Surfers and the marine life of the coasts have a lot in common – including that they depend on the ecosystems that make their lives, or sport, possible.

Tucked up in the far north of Peru you’ll find Lobitos, a quiet coastal town known as one of the country’s best places to surf. Its seven wave breaks crash and glide onto sandy beaches and rocky outcrops, and its sunsets are legendary. But the waves that draw crowds of surfers each year aren’t just revered by those who ride them – their protection is enshrined in law.

In 2014, the ground-breaking Ley de Rompientes, or “law of the breakers”, came into effect, making Peru the first country in the world to give its waves legal protection. Under the law, the development of infrastructure, oil and gas exploration and fishing activities that could harm top-quality surf spots were restricted. More than once it has halted activity in Lobitos that risked disturbing the waves. The law has been seen as so effective that surfers in Chile are now campaigning for their own version.

Surf spots have proven to be highly emotive when it comes to preserving Peru’s coasts. “People take it very personally, and even go physically to stand in the place to stop the machinery from removing the soil whenever these constructions have happened,” says Alejandro Pizarro, director of research and communications at Lobitos-based charity EcoSwell. “It’s a very tight-knit community.”

But Peru’s law of the breakers wasn’t just based on affection for these beauty and sporting spots, but a recognition that they contribute to the surrounding area economically and environmentally. From the United States to Bali, a wave of evidence is building that suggests surfing can be surprisingly beneficial to the coastal ecosystem.


The idea of using economics to assess the value of surfing resources, branded “surfonomics”, has been around for a little over a decade. An early study in the field centred on Mavericks in California, a famous break that throws up waves of 10-30ft (3-9m), and draws in huge crowds of spectators.

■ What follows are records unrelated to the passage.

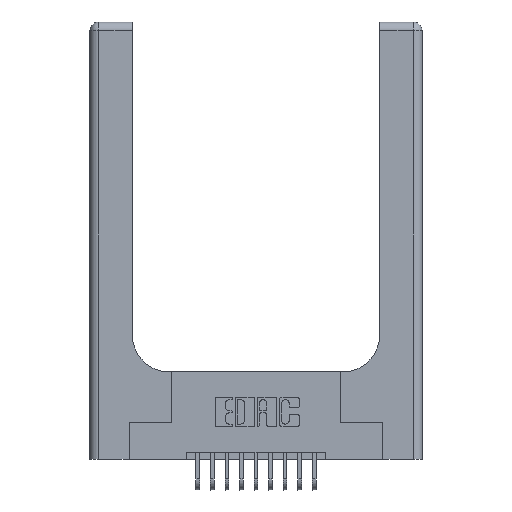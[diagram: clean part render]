
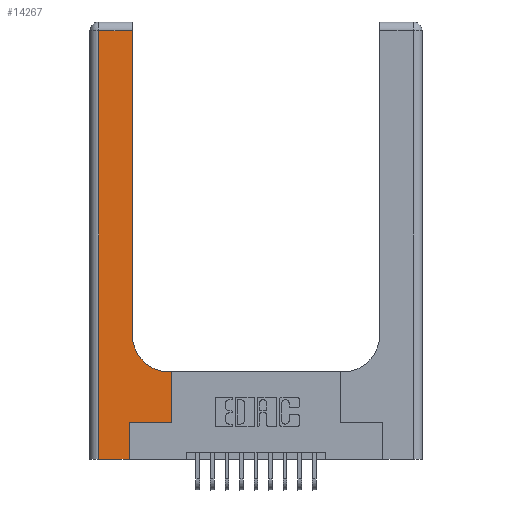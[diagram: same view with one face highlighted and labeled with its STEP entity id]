
A CAD part, top view. The second image highlights one B-rep face of the part: STEP entity #14267.
In plain terms, the highlighted planar face has unit normal (0, 0, 1).
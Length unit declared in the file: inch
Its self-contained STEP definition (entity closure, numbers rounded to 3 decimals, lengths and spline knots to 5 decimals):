
#244 = CARTESIAN_POINT ( 'NONE',  ( 0.06, 2.94, 0.37 ) ) ;
#324 = CARTESIAN_POINT ( 'NONE',  ( 0.5585, 0.6, 0.37 ) ) ;
#373 = VERTEX_POINT ( 'NONE', #16752 ) ;
#402 = CARTESIAN_POINT ( 'NONE',  ( 0.2915, 0.85, 0.37 ) ) ;
#619 = VECTOR ( 'NONE', #9781, 39.37008 ) ;
#1046 = DIRECTION ( 'NONE',  ( -1., 0., 0. ) ) ;
#1299 = LINE ( 'NONE', #17717, #15054 ) ;
#1444 = LINE ( 'NONE', #10342, #12390 ) ;
#1532 = AXIS2_PLACEMENT_3D ( 'NONE', #16251, #3768, #13550 ) ;
#1630 = ORIENTED_EDGE ( 'NONE', *, *, #15942, .T. ) ;
#1810 = CARTESIAN_POINT ( 'NONE',  ( 0.5415, 0.85, 0.37 ) ) ;
#2228 = CARTESIAN_POINT ( 'NONE',  ( 0.2915, 2.94, 0.37 ) ) ;
#2232 = PLANE ( 'NONE',  #1532 ) ;
#2233 = VERTEX_POINT ( 'NONE', #402 ) ;
#2891 = ORIENTED_EDGE ( 'NONE', *, *, #14119, .T. ) ;
#3226 = ORIENTED_EDGE ( 'NONE', *, *, #13102, .T. ) ;
#3345 = DIRECTION ( 'NONE',  ( 0., -1., 0. ) ) ;
#3374 = DIRECTION ( 'NONE',  ( 1., 0., 0. ) ) ;
#3593 = EDGE_CURVE ( 'NONE', #8132, #18027, #7549, .T. ) ;
#3768 = DIRECTION ( 'NONE',  ( 0., 0., -1. ) ) ;
#3883 = CARTESIAN_POINT ( 'NONE',  ( 0.269, 0.25, 0.37 ) ) ;
#3900 = DIRECTION ( 'NONE',  ( 0., 1., 0. ) ) ;
#4012 = VECTOR ( 'NONE', #16351, 39.37008 ) ;
#4397 = ORIENTED_EDGE ( 'NONE', *, *, #11561, .T. ) ;
#4421 = ORIENTED_EDGE ( 'NONE', *, *, #9339, .T. ) ;
#4485 = ORIENTED_EDGE ( 'NONE', *, *, #14481, .T. ) ;
#4925 = CARTESIAN_POINT ( 'NONE',  ( 0.5585, 0.25, 0.37 ) ) ;
#5014 = VERTEX_POINT ( 'NONE', #14541 ) ;
#6093 = VECTOR ( 'NONE', #14622, 39.37008 ) ;
#6222 = VERTEX_POINT ( 'NONE', #244 ) ;
#6512 = VECTOR ( 'NONE', #1046, 39.37008 ) ;
#6803 = DIRECTION ( 'NONE',  ( 0., 1., 0. ) ) ;
#7215 = ORIENTED_EDGE ( 'NONE', *, *, #3593, .T. ) ;
#7337 = VECTOR ( 'NONE', #16318, 39.37008 ) ;
#7549 = LINE ( 'NONE', #12553, #619 ) ;
#7757 = LINE ( 'NONE', #17672, #7337 ) ;
#7790 = LINE ( 'NONE', #3883, #4012 ) ;
#8132 = VERTEX_POINT ( 'NONE', #324 ) ;
#9099 = VECTOR ( 'NONE', #3900, 39.37008 ) ;
#9339 = EDGE_CURVE ( 'NONE', #2233, #16449, #12803, .T. ) ;
#9781 = DIRECTION ( 'NONE',  ( -1., 0., 0. ) ) ;
#10104 = LINE ( 'NONE', #17925, #6512 ) ;
#10342 = CARTESIAN_POINT ( 'NONE',  ( 0.06, 3., 0.37 ) ) ;
#11235 = FACE_OUTER_BOUND ( 'NONE', #13331, .T. ) ;
#11445 = CIRCLE ( 'NONE', #12048, 0.25 ) ;
#11561 = EDGE_CURVE ( 'NONE', #12120, #14898, #7790, .T. ) ;
#11662 = EDGE_CURVE ( 'NONE', #16449, #6222, #10104, .T. ) ;
#11763 = DIRECTION ( 'NONE',  ( 0., 0., -1. ) ) ;
#12048 = AXIS2_PLACEMENT_3D ( 'NONE', #1810, #11763, #3374 ) ;
#12120 = VERTEX_POINT ( 'NONE', #14876 ) ;
#12390 = VECTOR ( 'NONE', #3345, 39.37008 ) ;
#12553 = CARTESIAN_POINT ( 'NONE',  ( 0.2915, 0.6, 0.37 ) ) ;
#12803 = LINE ( 'NONE', #17723, #9099 ) ;
#13102 = EDGE_CURVE ( 'NONE', #6222, #373, #1444, .T. ) ;
#13331 = EDGE_LOOP ( 'NONE', ( #4421, #14166, #3226, #1630, #14679, #4397, #2891, #7215, #4485 ) ) ;
#13550 = DIRECTION ( 'NONE',  ( -1., 0., 0. ) ) ;
#13884 = LINE ( 'NONE', #4925, #6093 ) ;
#14119 = EDGE_CURVE ( 'NONE', #14898, #8132, #13884, .T. ) ;
#14166 = ORIENTED_EDGE ( 'NONE', *, *, #11662, .T. ) ;
#14181 = CARTESIAN_POINT ( 'NONE',  ( 0.5585, 0.25, 0.37 ) ) ;
#14267 = ADVANCED_FACE ( 'NONE', ( #11235 ), #2232, .F. ) ;
#14481 = EDGE_CURVE ( 'NONE', #18027, #2233, #11445, .T. ) ;
#14541 = CARTESIAN_POINT ( 'NONE',  ( 0.269, 0., 0.37 ) ) ;
#14622 = DIRECTION ( 'NONE',  ( 0., 1., 0. ) ) ;
#14679 = ORIENTED_EDGE ( 'NONE', *, *, #17568, .T. ) ;
#14876 = CARTESIAN_POINT ( 'NONE',  ( 0.269, 0.25, 0.37 ) ) ;
#14898 = VERTEX_POINT ( 'NONE', #14181 ) ;
#15054 = VECTOR ( 'NONE', #6803, 39.37008 ) ;
#15942 = EDGE_CURVE ( 'NONE', #373, #5014, #7757, .T. ) ;
#16251 = CARTESIAN_POINT ( 'NONE',  ( 0., 3., 0.37 ) ) ;
#16318 = DIRECTION ( 'NONE',  ( 1., 0., 0. ) ) ;
#16351 = DIRECTION ( 'NONE',  ( 1., 0., 0. ) ) ;
#16449 = VERTEX_POINT ( 'NONE', #2228 ) ;
#16752 = CARTESIAN_POINT ( 'NONE',  ( 0.06, 0., 0.37 ) ) ;
#17275 = CARTESIAN_POINT ( 'NONE',  ( 0.5415, 0.6, 0.37 ) ) ;
#17568 = EDGE_CURVE ( 'NONE', #5014, #12120, #1299, .T. ) ;
#17672 = CARTESIAN_POINT ( 'NONE',  ( 0., 0., 0.37 ) ) ;
#17717 = CARTESIAN_POINT ( 'NONE',  ( 0.269, 0., 0.37 ) ) ;
#17723 = CARTESIAN_POINT ( 'NONE',  ( 0.2915, 3., 0.37 ) ) ;
#17925 = CARTESIAN_POINT ( 'NONE',  ( 0., 2.94, 0.37 ) ) ;
#18027 = VERTEX_POINT ( 'NONE', #17275 ) ;
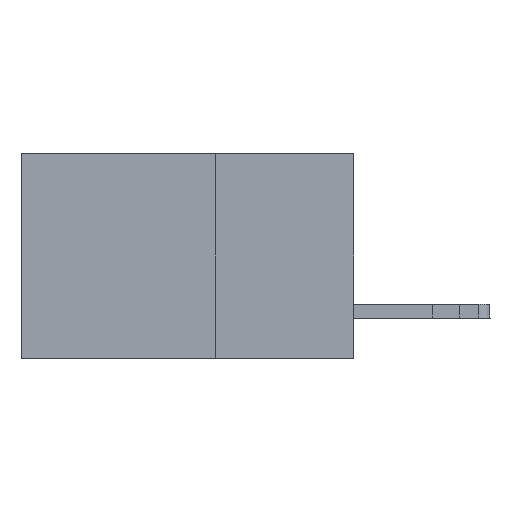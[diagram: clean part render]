
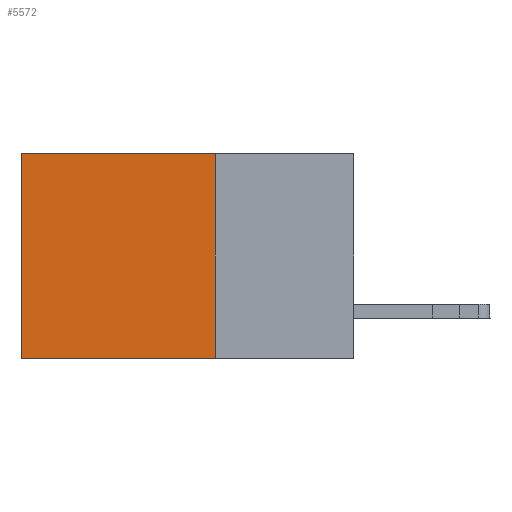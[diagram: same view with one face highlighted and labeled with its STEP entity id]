
A CAD part, left-side view. The second image highlights one B-rep face of the part: STEP entity #5572.
In plain terms, the highlighted planar face has unit normal (-1, 0, 0).
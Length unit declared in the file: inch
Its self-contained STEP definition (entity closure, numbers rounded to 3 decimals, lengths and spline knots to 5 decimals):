
#110 = DIRECTION ( 'NONE',  ( 0., 0., -1. ) ) ;
#164 = VECTOR ( 'NONE', #12758, 39.37008 ) ;
#865 = EDGE_CURVE ( 'NONE', #22028, #15212, #17117, .T. ) ;
#1976 = VECTOR ( 'NONE', #10938, 39.37008 ) ;
#2282 = CARTESIAN_POINT ( 'NONE',  ( 0.2875, 0.25, -0.37 ) ) ;
#2555 = CARTESIAN_POINT ( 'NONE',  ( 0.2875, 0.6, 0. ) ) ;
#2668 = LINE ( 'NONE', #18570, #164 ) ;
#2727 = CARTESIAN_POINT ( 'NONE',  ( 0.2875, 0.25, 0. ) ) ;
#2805 = DIRECTION ( 'NONE',  ( 0., 0., -1. ) ) ;
#2946 = CARTESIAN_POINT ( 'NONE',  ( 0.2875, 0.6, 0. ) ) ;
#4183 = FACE_OUTER_BOUND ( 'NONE', #16397, .T. ) ;
#5572 = ADVANCED_FACE ( 'NONE', ( #4183 ), #24042, .F. ) ;
#6458 = ORIENTED_EDGE ( 'NONE', *, *, #19882, .F. ) ;
#6587 = ORIENTED_EDGE ( 'NONE', *, *, #865, .T. ) ;
#6715 = AXIS2_PLACEMENT_3D ( 'NONE', #12043, #25744, #110 ) ;
#7234 = LINE ( 'NONE', #17460, #8766 ) ;
#7728 = ORIENTED_EDGE ( 'NONE', *, *, #23412, .T. ) ;
#8751 = VERTEX_POINT ( 'NONE', #2282 ) ;
#8766 = VECTOR ( 'NONE', #25257, 39.37008 ) ;
#8993 = EDGE_CURVE ( 'NONE', #17227, #8751, #2668, .T. ) ;
#10938 = DIRECTION ( 'NONE',  ( 0., 1., 0. ) ) ;
#11179 = LINE ( 'NONE', #24894, #1976 ) ;
#12043 = CARTESIAN_POINT ( 'NONE',  ( 0.2875, 0.25, 0. ) ) ;
#12758 = DIRECTION ( 'NONE',  ( 0., 0., -1. ) ) ;
#15212 = VERTEX_POINT ( 'NONE', #15601 ) ;
#15601 = CARTESIAN_POINT ( 'NONE',  ( 0.2875, 0.6, -0.37 ) ) ;
#16397 = EDGE_LOOP ( 'NONE', ( #6587, #6458, #18814, #7728 ) ) ;
#17117 = LINE ( 'NONE', #2946, #25236 ) ;
#17227 = VERTEX_POINT ( 'NONE', #2727 ) ;
#17460 = CARTESIAN_POINT ( 'NONE',  ( 0.2875, 0.25, -0.37 ) ) ;
#18570 = CARTESIAN_POINT ( 'NONE',  ( 0.2875, 0.25, 0. ) ) ;
#18814 = ORIENTED_EDGE ( 'NONE', *, *, #8993, .F. ) ;
#19882 = EDGE_CURVE ( 'NONE', #8751, #15212, #7234, .T. ) ;
#22028 = VERTEX_POINT ( 'NONE', #2555 ) ;
#23412 = EDGE_CURVE ( 'NONE', #17227, #22028, #11179, .T. ) ;
#24042 = PLANE ( 'NONE',  #6715 ) ;
#24894 = CARTESIAN_POINT ( 'NONE',  ( 0.2875, 0.25, 0. ) ) ;
#25236 = VECTOR ( 'NONE', #2805, 39.37008 ) ;
#25257 = DIRECTION ( 'NONE',  ( 0., 1., 0. ) ) ;
#25744 = DIRECTION ( 'NONE',  ( 1., 0., 0. ) ) ;

Big wave surfer João de Macedo, a campaigner who was involved in the research, says Mavericks already had legal protection as a national marine sanctuary, but surfonomics “was something that when you talk to a politician [they could use to] justify conservation in a more practical way”. The net economic value of Mavericks was finally estimated at about $24m (£17m) a year filtering through its local tourism industry.

When we presented one of the studies in Chile, they were like: ‘You guys have got to be kidding me. Surfers are spending that much?’ – Nik Strong-Cvetich

Surfonomics studies have now been replicated at least a dozen spots across the world, including Mundaka in Spain and Uluwatu in Bali, and the methodology has been refined over the years to make it easier to replicate and quicker to complete. For many communities, it’s an important part of being recognised as a World Surfing Reserve, an international designation that helps protect the local ecosystem for surfers and gives weight to wider conservation efforts.

“It’s not rocket science in terms of ecological economics,” admits Nik Strong-Cvetich, executive director of international environmental surf coalition Save The Waves, which designates surf spots as World Surfing Reserves.

“When we originally started surfonomics, it was just to kind of say, ‘Hey surfing has value’. But now we want to make sure that we’ve proven the value of all these places we’re protecting. When we presented one of the studies in Chile, they were like: ‘You guys have got to be kidding me. Surfers are spending that much?’ But, like, they are.”

In fact, contrary to its laid-back image, surfing is a huge and lucrative international industry. Having initially been reticent to assign a monetary value to waves, UK environmental surf charity Surfers Against Sewage estimated in 2013 that surfing contributes £1-1.8bn ($1.4-2.5bn) per year across the UK and could have an overall economic impact of as much as £5bn ($7bn).

Back in Peru, EcoSwell’s Pizarro, who has a background in political science, had always suspected that surfers made a big contribution to Lobitos. And while the town had its waves under legal protection, surfonomics was an opportunity to understand just how much the town depended on surfing.

The idea of having stats is to be able to argue that there’s huge importance in taking care of these environmental issues, because of the amount of money they mean – Alejandro Pizarro

So EcoSwell set up a survey, headed by Marcos Abilio Bosquetti, a management researcher at the Federal University of Santa Catarina in Brazil and member of the International Association of Surfing Academics. The aim was to find out how much surfing was worth to the community, asking how much people spent, where they came from and what they valued in the area.

When the charity crunched the numbers in 2020, together with Bosquetti, even they were surprised by how much: $3.6m (£2.6m) in 2019 – a substantial portion of the municipality’s total annual budget.

The other thing that surprised Pizarro was how many people would not return to Lobitos for environmental reasons such as visible trash or the creaking public sewage system, which, in his own words, “looks like a horror film”. Tourists were particularly put off by the presence of oil rigs and pumping sites, which are still active on and offshore.